Childress did just that in 2006 when he was hired as head coach of the Vikings, and by 2009, he trusted a 27-year-old Stefanski enough to promote him to assistant quarterbacks coach, where he worked with Hall of Famer Brett Favre.
“You better be sharp in that room because those guys have most of the answers all the time and when they have questions, you need to be able to have answers for them,’’ Childress said. The Vikings went 12-4 that year and lost in the NFC Championship Game to the Saints. But they ranked No. 2 with 29.4 points per game and finished No. 5 overall on offense.
Stefanski coached tight ends and running backs before moving up to quarterbacks in 2017-18, acquiring a global knowledge of the offense that’s attractive to the Browns. In 2017, the Vikings went 13-3, won the NFC North ad lost in the NFC title game to the eventual Super Bowl champion Eagles. The Vikings blocked him from going to the Giants as Pat Shurmur’s coordinator, and then he was passed over as Vikings coordinator in 2018 in favor of John DeFilippo, who was actually hired by GM Rick Spielman. But Stefanski never complained and instead coached Kirk Cousins to season-bests in completion percentage (70.1%) and passing TDs (30). He also threw his fewest INTs (10) since becoming a full-time starter in 2015.

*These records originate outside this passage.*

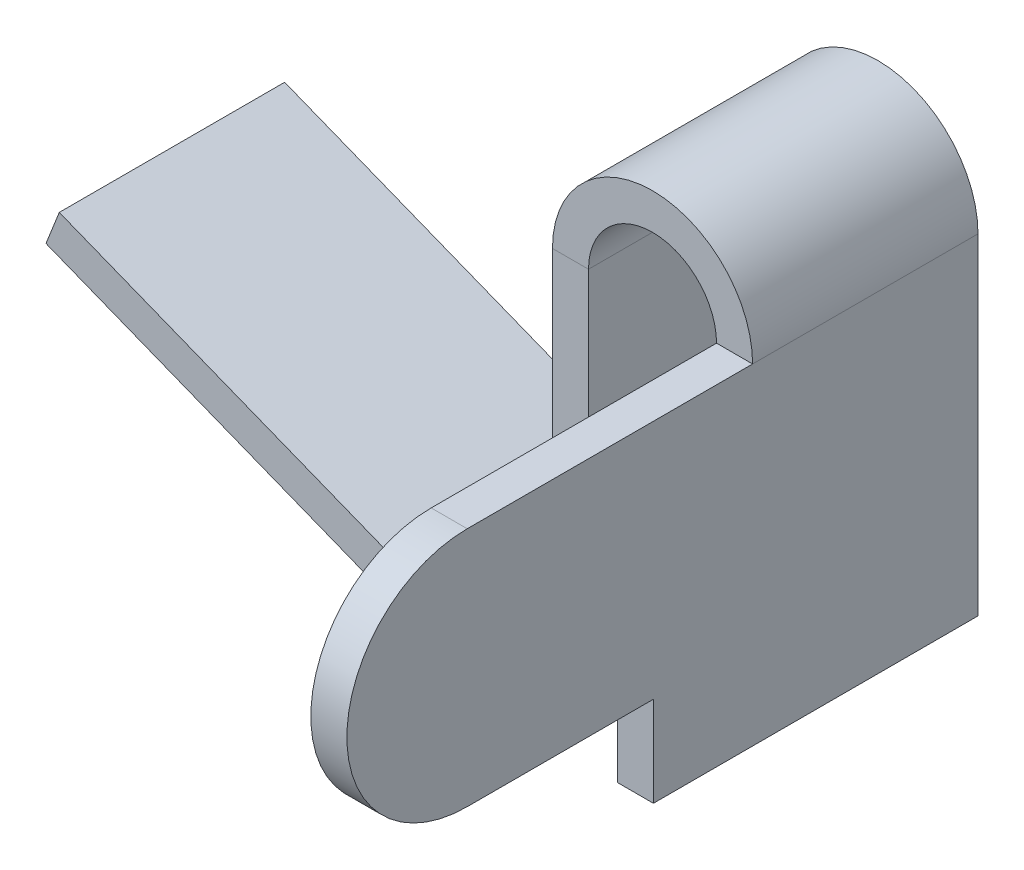
ISO-10303-21;
HEADER;
FILE_DESCRIPTION(('STEP AP214'),'2;1');
FILE_NAME('part.step','',(''),(''),'','','');
FILE_SCHEMA(('AUTOMOTIVE_DESIGN { 1 0 10303 214 1 1 1 1 }'));
ENDSEC;
DATA;
#1=APPLICATION_CONTEXT('core data for automotive mechanical design processes');
#2=APPLICATION_PROTOCOL_DEFINITION('international standard','automotive_design',2000,#1);
#3=PRODUCT_CONTEXT('',#1,'mechanical');
#4=PRODUCT('Part','Part','',(#3));
#5=PRODUCT_RELATED_PRODUCT_CATEGORY('part','',(#4));
#6=PRODUCT_DEFINITION_FORMATION('','',#4);
#7=PRODUCT_DEFINITION_CONTEXT('part definition',#1,'design');
#8=PRODUCT_DEFINITION('design','',#6,#7);
#9=PRODUCT_DEFINITION_SHAPE('','',#8);
#10=(LENGTH_UNIT() NAMED_UNIT(*) SI_UNIT(.MILLI.,.METRE.));
#11=(NAMED_UNIT(*) PLANE_ANGLE_UNIT() SI_UNIT($,.RADIAN.));
#12=(NAMED_UNIT(*) SI_UNIT($,.STERADIAN.) SOLID_ANGLE_UNIT());
#13=UNCERTAINTY_MEASURE_WITH_UNIT(LENGTH_MEASURE(1.E-05),#10,'distance_accuracy_value','');
#14=(GEOMETRIC_REPRESENTATION_CONTEXT(3) GLOBAL_UNCERTAINTY_ASSIGNED_CONTEXT((#13)) GLOBAL_UNIT_ASSIGNED_CONTEXT((#10,
#11,#12)) REPRESENTATION_CONTEXT('',''));
#15=CARTESIAN_POINT('',(0.,0.,0.));
#16=DIRECTION('',(0.,0.,1.));
#17=DIRECTION('',(1.,0.,0.));
#18=AXIS2_PLACEMENT_3D('',#15,#16,#17);
#19=CARTESIAN_POINT('',(0.709999999999978,2.335,5.665));
#20=DIRECTION('',(-1.,0.,0.));
#21=DIRECTION('',(0.,-1.,0.));
#22=AXIS2_PLACEMENT_3D('',#19,#20,#21);
#23=CYLINDRICAL_SURFACE('',#22,1.33499999999999);
#24=DIRECTION('',(1.,0.,0.));
#25=VECTOR('',#24,1.);
#26=CARTESIAN_POINT('',(0.709999999999999,3.66999999999999,5.665));
#27=LINE('',#26,#25);
#28=CARTESIAN_POINT('',(0.71,3.66999999999999,5.665));
#29=VERTEX_POINT('',#28);
#30=CARTESIAN_POINT('',(1.11,3.66999999999998,5.66500000000001));
#31=VERTEX_POINT('',#30);
#32=EDGE_CURVE('E206',#29,#31,#27,.T.);
#33=ORIENTED_EDGE('',*,*,#32,.F.);
#34=CARTESIAN_POINT('',(0.71,2.335,5.665));
#35=DIRECTION('',(-1.,0.,0.));
#36=DIRECTION('',(0.,0.,1.));
#37=AXIS2_PLACEMENT_3D('',#34,#35,#36);
#38=CIRCLE('',#37,1.33499999999999);
#39=CARTESIAN_POINT('',(0.71,1.,5.665));
#40=VERTEX_POINT('',#39);
#41=EDGE_CURVE('E44',#40,#29,#38,.T.);
#42=ORIENTED_EDGE('',*,*,#41,.F.);
#43=DIRECTION('',(1.,0.,0.));
#44=VECTOR('',#43,1.);
#45=CARTESIAN_POINT('',(0.71,1.,5.665));
#46=LINE('',#45,#44);
#47=CARTESIAN_POINT('',(1.11,1.,5.66500000000001));
#48=VERTEX_POINT('',#47);
#49=EDGE_CURVE('E209',#48,#40,#46,.F.);
#50=ORIENTED_EDGE('',*,*,#49,.F.);
#51=CARTESIAN_POINT('',(1.11,2.33499999999999,5.665));
#52=DIRECTION('',(-1.,0.,0.));
#53=DIRECTION('',(0.,0.,1.));
#54=AXIS2_PLACEMENT_3D('',#51,#52,#53);
#55=CIRCLE('',#54,1.33499999999999);
#56=EDGE_CURVE('E11',#31,#48,#55,.F.);
#57=ORIENTED_EDGE('',*,*,#56,.F.);
#58=EDGE_LOOP('',(#33,#42,#50,#57));
#59=FACE_BOUND('',#58,.T.);
#60=ADVANCED_FACE('F37',(#59),#23,.T.);
#61=CARTESIAN_POINT('',(0.71,0.,2.5));
#62=DIRECTION('',(-1.,0.,0.));
#63=DIRECTION('',(0.,0.,1.));
#64=AXIS2_PLACEMENT_3D('',#61,#62,#63);
#65=PLANE('',#64);
#66=DIRECTION('',(0.,0.,-1.));
#67=VECTOR('',#66,1.);
#68=CARTESIAN_POINT('',(0.71,1.,2.5));
#69=LINE('',#68,#67);
#70=CARTESIAN_POINT('',(0.71,1.,3.6));
#71=VERTEX_POINT('',#70);
#72=EDGE_CURVE('E215',#40,#71,#69,.T.);
#73=ORIENTED_EDGE('',*,*,#72,.F.);
#74=ORIENTED_EDGE('',*,*,#41,.T.);
#75=DIRECTION('',(0.,0.,-1.));
#76=VECTOR('',#75,1.);
#77=CARTESIAN_POINT('',(0.71,3.66999999999999,7.));
#78=LINE('',#77,#76);
#79=CARTESIAN_POINT('',(0.71,3.66999999999999,2.5));
#80=VERTEX_POINT('',#79);
#81=EDGE_CURVE('E214',#29,#80,#78,.T.);
#82=ORIENTED_EDGE('',*,*,#81,.T.);
#83=DIRECTION('',(0.,0.,-1.));
#84=VECTOR('',#83,1.);
#85=CARTESIAN_POINT('',(0.71,3.66999999999999,2.5));
#86=LINE('',#85,#84);
#87=CARTESIAN_POINT('',(0.71,3.66999999999999,0.));
#88=VERTEX_POINT('',#87);
#89=EDGE_CURVE('E167',#80,#88,#86,.T.);
#90=ORIENTED_EDGE('',*,*,#89,.T.);
#91=DIRECTION('',(0.,1.,0.));
#92=VECTOR('',#91,1.);
#93=CARTESIAN_POINT('',(0.71,0.,0.));
#94=LINE('',#93,#92);
#95=CARTESIAN_POINT('',(0.71,0.,0.));
#96=VERTEX_POINT('',#95);
#97=EDGE_CURVE('E271',#96,#88,#94,.T.);
#98=ORIENTED_EDGE('',*,*,#97,.F.);
#99=DIRECTION('',(0.,0.,-1.));
#100=VECTOR('',#99,1.);
#101=CARTESIAN_POINT('',(0.71,0.,2.5));
#102=LINE('',#101,#100);
#103=CARTESIAN_POINT('',(0.71,0.,3.6));
#104=VERTEX_POINT('',#103);
#105=EDGE_CURVE('E164',#104,#96,#102,.T.);
#106=ORIENTED_EDGE('',*,*,#105,.F.);
#107=DIRECTION('',(0.,-1.,0.));
#108=VECTOR('',#107,1.);
#109=CARTESIAN_POINT('',(0.71,0.,3.6));
#110=LINE('',#109,#108);
#111=EDGE_CURVE('E147',#71,#104,#110,.T.);
#112=ORIENTED_EDGE('',*,*,#111,.F.);
#113=EDGE_LOOP('',(#73,#74,#82,#90,#98,#106,#112));
#114=FACE_BOUND('',#113,.T.);
#115=ADVANCED_FACE('F212',(#114),#65,.T.);
#116=CARTESIAN_POINT('',(1.11,0.,2.5));
#117=DIRECTION('',(0.,-1.,0.));
#118=DIRECTION('',(0.,0.,-1.));
#119=AXIS2_PLACEMENT_3D('',#116,#117,#118);
#120=PLANE('',#119);
#121=DIRECTION('',(0.,0.,-1.));
#122=VECTOR('',#121,1.);
#123=CARTESIAN_POINT('',(1.11,0.,2.5));
#124=LINE('',#123,#122);
#125=CARTESIAN_POINT('',(1.11,0.,3.6));
#126=VERTEX_POINT('',#125);
#127=CARTESIAN_POINT('',(1.11,0.,0.));
#128=VERTEX_POINT('',#127);
#129=EDGE_CURVE('E155',#126,#128,#124,.T.);
#130=ORIENTED_EDGE('',*,*,#129,.F.);
#131=DIRECTION('',(-1.,0.,0.));
#132=VECTOR('',#131,1.);
#133=CARTESIAN_POINT('',(0.71,0.,3.6));
#134=LINE('',#133,#132);
#135=EDGE_CURVE('E140',#104,#126,#134,.F.);
#136=ORIENTED_EDGE('',*,*,#135,.F.);
#137=ORIENTED_EDGE('',*,*,#105,.T.);
#138=DIRECTION('',(-1.,0.,0.));
#139=VECTOR('',#138,1.);
#140=CARTESIAN_POINT('',(1.11,0.,0.));
#141=LINE('',#140,#139);
#142=EDGE_CURVE('E163',#128,#96,#141,.T.);
#143=ORIENTED_EDGE('',*,*,#142,.F.);
#144=EDGE_LOOP('',(#130,#136,#137,#143));
#145=FACE_BOUND('',#144,.T.);
#146=ADVANCED_FACE('F161',(#145),#120,.T.);
#147=CARTESIAN_POINT('',(1.11,0.,2.5));
#148=DIRECTION('',(-1.,0.,0.));
#149=DIRECTION('',(0.,0.,1.));
#150=AXIS2_PLACEMENT_3D('',#147,#148,#149);
#151=PLANE('',#150);
#152=DIRECTION('',(0.,0.,-1.));
#153=VECTOR('',#152,1.);
#154=CARTESIAN_POINT('',(1.11,3.66999999999998,7.));
#155=LINE('',#154,#153);
#156=CARTESIAN_POINT('',(1.11,3.66999999999998,2.5));
#157=VERTEX_POINT('',#156);
#158=EDGE_CURVE('E220',#31,#157,#155,.T.);
#159=ORIENTED_EDGE('',*,*,#158,.F.);
#160=ORIENTED_EDGE('',*,*,#56,.T.);
#161=DIRECTION('',(0.,0.,1.));
#162=VECTOR('',#161,1.);
#163=CARTESIAN_POINT('',(1.11,1.,2.5));
#164=LINE('',#163,#162);
#165=CARTESIAN_POINT('',(1.11,1.,3.6));
#166=VERTEX_POINT('',#165);
#167=EDGE_CURVE('E158',#48,#166,#164,.F.);
#168=ORIENTED_EDGE('',*,*,#167,.T.);
#169=DIRECTION('',(0.,1.,0.));
#170=VECTOR('',#169,1.);
#171=CARTESIAN_POINT('',(1.11,0.,3.6));
#172=LINE('',#171,#170);
#173=EDGE_CURVE('E144',#166,#126,#172,.F.);
#174=ORIENTED_EDGE('',*,*,#173,.T.);
#175=ORIENTED_EDGE('',*,*,#129,.T.);
#176=DIRECTION('',(0.,1.,0.));
#177=VECTOR('',#176,1.);
#178=CARTESIAN_POINT('',(1.11,0.,0.));
#179=LINE('',#178,#177);
#180=CARTESIAN_POINT('',(1.11,3.66999999999998,0.));
#181=VERTEX_POINT('',#180);
#182=EDGE_CURVE('E275',#128,#181,#179,.T.);
#183=ORIENTED_EDGE('',*,*,#182,.T.);
#184=DIRECTION('',(0.,0.,-1.));
#185=VECTOR('',#184,1.);
#186=CARTESIAN_POINT('',(1.11,3.66999999999998,2.5));
#187=LINE('',#186,#185);
#188=EDGE_CURVE('E165',#157,#181,#187,.T.);
#189=ORIENTED_EDGE('',*,*,#188,.F.);
#190=EDGE_LOOP('',(#159,#160,#168,#174,#175,#183,#189));
#191=FACE_BOUND('',#190,.T.);
#192=ADVANCED_FACE('F153',(#191),#151,.F.);
#193=CARTESIAN_POINT('',(-0.71,3.67,2.5));
#194=DIRECTION('',(0.,0.,1.));
#195=DIRECTION('',(1.,0.,0.));
#196=AXIS2_PLACEMENT_3D('',#193,#194,#195);
#197=PLANE('',#196);
#198=DIRECTION('',(-1.,0.,0.));
#199=VECTOR('',#198,1.);
#200=CARTESIAN_POINT('',(-0.71,3.67,2.5));
#201=LINE('',#200,#199);
#202=CARTESIAN_POINT('',(-0.71,3.67,2.5));
#203=VERTEX_POINT('',#202);
#204=CARTESIAN_POINT('',(-1.11,3.67,2.5));
#205=VERTEX_POINT('',#204);
#206=EDGE_CURVE('E204',#203,#205,#201,.T.);
#207=ORIENTED_EDGE('',*,*,#206,.F.);
#208=CARTESIAN_POINT('',(0.,3.67,2.5));
#209=DIRECTION('',(0.,0.,1.));
#210=DIRECTION('',(1.,0.,0.));
#211=AXIS2_PLACEMENT_3D('',#208,#209,#210);
#212=CIRCLE('',#211,0.71);
#213=EDGE_CURVE('E241',#80,#203,#212,.T.);
#214=ORIENTED_EDGE('',*,*,#213,.F.);
#215=DIRECTION('',(-1.,0.,0.));
#216=VECTOR('',#215,1.);
#217=CARTESIAN_POINT('',(1.11,3.66999999999998,2.5));
#218=LINE('',#217,#216);
#219=EDGE_CURVE('E201',#157,#80,#218,.T.);
#220=ORIENTED_EDGE('',*,*,#219,.F.);
#221=CARTESIAN_POINT('',(0.,3.67,2.5));
#222=DIRECTION('',(0.,0.,1.));
#223=DIRECTION('',(1.,0.,0.));
#224=AXIS2_PLACEMENT_3D('',#221,#222,#223);
#225=CIRCLE('',#224,1.11);
#226=EDGE_CURVE('E244',#157,#205,#225,.T.);
#227=ORIENTED_EDGE('',*,*,#226,.T.);
#228=EDGE_LOOP('',(#207,#214,#220,#227));
#229=FACE_BOUND('',#228,.T.);
#230=ADVANCED_FACE('F339',(#229),#197,.T.);
#231=CARTESIAN_POINT('',(1.11,3.66999999999998,2.5));
#232=DIRECTION('',(0.,0.,1.));
#233=DIRECTION('',(1.,0.,0.));
#234=AXIS2_PLACEMENT_3D('',#231,#232,#233);
#235=PLANE('',#234);
#236=DIRECTION('',(0.,-1.,0.));
#237=VECTOR('',#236,1.);
#238=CARTESIAN_POINT('',(-0.71,3.67,2.5));
#239=LINE('',#238,#237);
#240=CARTESIAN_POINT('',(-0.71,-0.5,2.5));
#241=VERTEX_POINT('',#240);
#242=EDGE_CURVE('E238',#203,#241,#239,.T.);
#243=ORIENTED_EDGE('',*,*,#242,.F.);
#244=ORIENTED_EDGE('',*,*,#206,.T.);
#245=DIRECTION('',(0.,-1.,0.));
#246=VECTOR('',#245,1.);
#247=CARTESIAN_POINT('',(-1.11,3.67,2.5));
#248=LINE('',#247,#246);
#249=CARTESIAN_POINT('',(-1.11,-0.5,2.5));
#250=VERTEX_POINT('',#249);
#251=EDGE_CURVE('E247',#205,#250,#248,.T.);
#252=ORIENTED_EDGE('',*,*,#251,.T.);
#253=DIRECTION('',(1.,0.,0.));
#254=VECTOR('',#253,1.);
#255=CARTESIAN_POINT('',(-1.11,-0.5,2.5));
#256=LINE('',#255,#254);
#257=EDGE_CURVE('E193',#250,#241,#256,.T.);
#258=ORIENTED_EDGE('',*,*,#257,.T.);
#259=EDGE_LOOP('',(#243,#244,#252,#258));
#260=FACE_BOUND('',#259,.T.);
#261=ADVANCED_FACE('F336',(#260),#235,.T.);
#262=CARTESIAN_POINT('',(0.71,3.66999999999999,0.));
#263=DIRECTION('',(0.,0.,-1.));
#264=DIRECTION('',(-1.,0.,0.));
#265=AXIS2_PLACEMENT_3D('',#262,#263,#264);
#266=PLANE('',#265);
#267=DIRECTION('',(1.,0.,0.));
#268=VECTOR('',#267,1.);
#269=CARTESIAN_POINT('',(0.71,3.66999999999999,0.));
#270=LINE('',#269,#268);
#271=EDGE_CURVE('E199',#88,#181,#270,.T.);
#272=ORIENTED_EDGE('',*,*,#271,.F.);
#273=CARTESIAN_POINT('',(0.,3.67,0.));
#274=DIRECTION('',(0.,0.,1.));
#275=DIRECTION('',(1.,0.,0.));
#276=AXIS2_PLACEMENT_3D('',#273,#274,#275);
#277=CIRCLE('',#276,0.71);
#278=CARTESIAN_POINT('',(-0.71,3.67,0.));
#279=VERTEX_POINT('',#278);
#280=EDGE_CURVE('E268',#88,#279,#277,.T.);
#281=ORIENTED_EDGE('',*,*,#280,.T.);
#282=DIRECTION('',(1.,0.,0.));
#283=VECTOR('',#282,1.);
#284=CARTESIAN_POINT('',(-1.11,3.67,0.));
#285=LINE('',#284,#283);
#286=CARTESIAN_POINT('',(-1.11,3.67,0.));
#287=VERTEX_POINT('',#286);
#288=EDGE_CURVE('E197',#287,#279,#285,.T.);
#289=ORIENTED_EDGE('',*,*,#288,.F.);
#290=CARTESIAN_POINT('',(0.,3.67,0.));
#291=DIRECTION('',(0.,0.,1.));
#292=DIRECTION('',(1.,0.,0.));
#293=AXIS2_PLACEMENT_3D('',#290,#291,#292);
#294=CIRCLE('',#293,1.11);
#295=EDGE_CURVE('E277',#181,#287,#294,.T.);
#296=ORIENTED_EDGE('',*,*,#295,.F.);
#297=EDGE_LOOP('',(#272,#281,#289,#296));
#298=FACE_BOUND('',#297,.T.);
#299=ADVANCED_FACE('F344',(#298),#266,.T.);
#300=CARTESIAN_POINT('',(-1.11,3.67,0.));
#301=DIRECTION('',(0.,0.,-1.));
#302=DIRECTION('',(-1.,0.,0.));
#303=AXIS2_PLACEMENT_3D('',#300,#301,#302);
#304=PLANE('',#303);
#305=ORIENTED_EDGE('',*,*,#97,.T.);
#306=ORIENTED_EDGE('',*,*,#271,.T.);
#307=ORIENTED_EDGE('',*,*,#182,.F.);
#308=ORIENTED_EDGE('',*,*,#142,.T.);
#309=EDGE_LOOP('',(#305,#306,#307,#308));
#310=FACE_BOUND('',#309,.T.);
#311=ADVANCED_FACE('F350',(#310),#304,.T.);
#312=CARTESIAN_POINT('',(-1.61274798484912,-1.1137372531073,2.5));
#313=DIRECTION('',(0.,0.,1.));
#314=DIRECTION('',(1.,0.,0.));
#315=AXIS2_PLACEMENT_3D('',#312,#313,#314);
#316=PLANE('',#315);
#317=DIRECTION('',(0.367799977044115,0.929904928950454,0.));
#318=VECTOR('',#317,1.);
#319=CARTESIAN_POINT('',(-1.61274798484912,-1.1137372531073,2.5));
#320=LINE('',#319,#318);
#321=CARTESIAN_POINT('',(-1.61274798484912,-1.1137372531073,2.5));
#322=VERTEX_POINT('',#321);
#323=CARTESIAN_POINT('',(-1.46562799403147,-0.741775281527118,2.5));
#324=VERTEX_POINT('',#323);
#325=EDGE_CURVE('E195',#322,#324,#320,.T.);
#326=ORIENTED_EDGE('',*,*,#325,.F.);
#327=CARTESIAN_POINT('',(-1.37,-0.5,2.5));
#328=DIRECTION('',(0.,0.,-1.));
#329=DIRECTION('',(-1.,0.,0.));
#330=AXIS2_PLACEMENT_3D('',#327,#328,#329);
#331=CIRCLE('',#330,0.66);
#332=EDGE_CURVE('E235',#241,#322,#331,.T.);
#333=ORIENTED_EDGE('',*,*,#332,.F.);
#334=ORIENTED_EDGE('',*,*,#257,.F.);
#335=CARTESIAN_POINT('',(-1.37,-0.5,2.5));
#336=DIRECTION('',(0.,0.,1.));
#337=DIRECTION('',(1.,0.,0.));
#338=AXIS2_PLACEMENT_3D('',#335,#336,#337);
#339=CIRCLE('',#338,0.26);
#340=EDGE_CURVE('E250',#250,#324,#339,.F.);
#341=ORIENTED_EDGE('',*,*,#340,.T.);
#342=EDGE_LOOP('',(#326,#333,#334,#341));
#343=FACE_BOUND('',#342,.T.);
#344=ADVANCED_FACE('F334',(#343),#316,.T.);
#345=CARTESIAN_POINT('',(-1.11,-0.5,2.5));
#346=DIRECTION('',(0.,0.,1.));
#347=DIRECTION('',(1.,0.,0.));
#348=AXIS2_PLACEMENT_3D('',#345,#346,#347);
#349=PLANE('',#348);
#350=DIRECTION('',(-0.929904928950454,0.367799977044115,0.));
#351=VECTOR('',#350,1.);
#352=CARTESIAN_POINT('',(-1.61274798484912,-1.1137372531073,2.5));
#353=LINE('',#352,#351);
#354=CARTESIAN_POINT('',(-6.72722509407661,0.909162620635334,2.5));
#355=VERTEX_POINT('',#354);
#356=EDGE_CURVE('E232',#322,#355,#353,.T.);
#357=ORIENTED_EDGE('',*,*,#356,.F.);
#358=ORIENTED_EDGE('',*,*,#325,.T.);
#359=DIRECTION('',(-0.929904928950454,0.367799977044115,0.));
#360=VECTOR('',#359,1.);
#361=CARTESIAN_POINT('',(-1.46562799403147,-0.741775281527118,2.5));
#362=LINE('',#361,#360);
#363=CARTESIAN_POINT('',(-6.58010510325897,1.28112459221552,2.5));
#364=VERTEX_POINT('',#363);
#365=EDGE_CURVE('E226',#324,#364,#362,.T.);
#366=ORIENTED_EDGE('',*,*,#365,.T.);
#367=DIRECTION('',(0.367799977044113,0.929904928950455,0.));
#368=VECTOR('',#367,1.);
#369=CARTESIAN_POINT('',(-6.72722509407661,0.909162620635334,2.5));
#370=LINE('',#369,#368);
#371=EDGE_CURVE('E228',#355,#364,#370,.T.);
#372=ORIENTED_EDGE('',*,*,#371,.F.);
#373=EDGE_LOOP('',(#357,#358,#366,#372));
#374=FACE_BOUND('',#373,.T.);
#375=ADVANCED_FACE('F332',(#374),#349,.T.);
#376=CARTESIAN_POINT('',(-0.71,-0.5,0.));
#377=DIRECTION('',(0.,0.,-1.));
#378=DIRECTION('',(-1.,0.,0.));
#379=AXIS2_PLACEMENT_3D('',#376,#377,#378);
#380=PLANE('',#379);
#381=DIRECTION('',(-1.,0.,0.));
#382=VECTOR('',#381,1.);
#383=CARTESIAN_POINT('',(-0.71,-0.5,0.));
#384=LINE('',#383,#382);
#385=CARTESIAN_POINT('',(-0.71,-0.5,0.));
#386=VERTEX_POINT('',#385);
#387=CARTESIAN_POINT('',(-1.11,-0.5,0.));
#388=VERTEX_POINT('',#387);
#389=EDGE_CURVE('E191',#386,#388,#384,.T.);
#390=ORIENTED_EDGE('',*,*,#389,.F.);
#391=CARTESIAN_POINT('',(-1.37,-0.5,0.));
#392=DIRECTION('',(0.,0.,-1.));
#393=DIRECTION('',(-1.,0.,0.));
#394=AXIS2_PLACEMENT_3D('',#391,#392,#393);
#395=CIRCLE('',#394,0.66);
#396=CARTESIAN_POINT('',(-1.61274798484912,-1.1137372531073,0.));
#397=VERTEX_POINT('',#396);
#398=EDGE_CURVE('E262',#386,#397,#395,.T.);
#399=ORIENTED_EDGE('',*,*,#398,.T.);
#400=DIRECTION('',(-0.367799977044115,-0.929904928950454,0.));
#401=VECTOR('',#400,1.);
#402=CARTESIAN_POINT('',(-1.46562799403147,-0.741775281527118,0.));
#403=LINE('',#402,#401);
#404=CARTESIAN_POINT('',(-1.46562799403147,-0.741775281527118,0.));
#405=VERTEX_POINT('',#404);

When DeFilippo was fired with three games left in the 2018 season, Stefanski was promoted to interim OC, and then to full-time OC this year when the Browns opted for Kitchens. The fact that Stefanski, along with Kubiak and Kubiak’s son Klint, the quarterbacks coach, guided Cousins to the best season of his career this season hasn’t Stefanski’s cause.
“He’s been around sports all the time. He’s very smart. He’s an Ivy League guy, very hard worker,” Zimmer told reporters last month. “Then as his time has grown, I’ve given him different responsibilities, whether it would be the running backs or tight ends or quarterbacks, now offensive coordinator. I think he sees the game kind of how I see it. Then he’s done a nice job of mixing the calls in.”
Stefanski will be tasked with getting Baker Mayfield back on track after he tumbled to second-last in the NFL with a 78.8 rating and a 59.4 completion percentage. But he takes over an uber-talented roster featuring Odell Beckham Jr., Jarvis Landry, Nick Chubb and Kareem Hunt. Defensively, he has Myles Garrett coming off suspension, Denzel Ward, Greedy Williams and other young and promising players.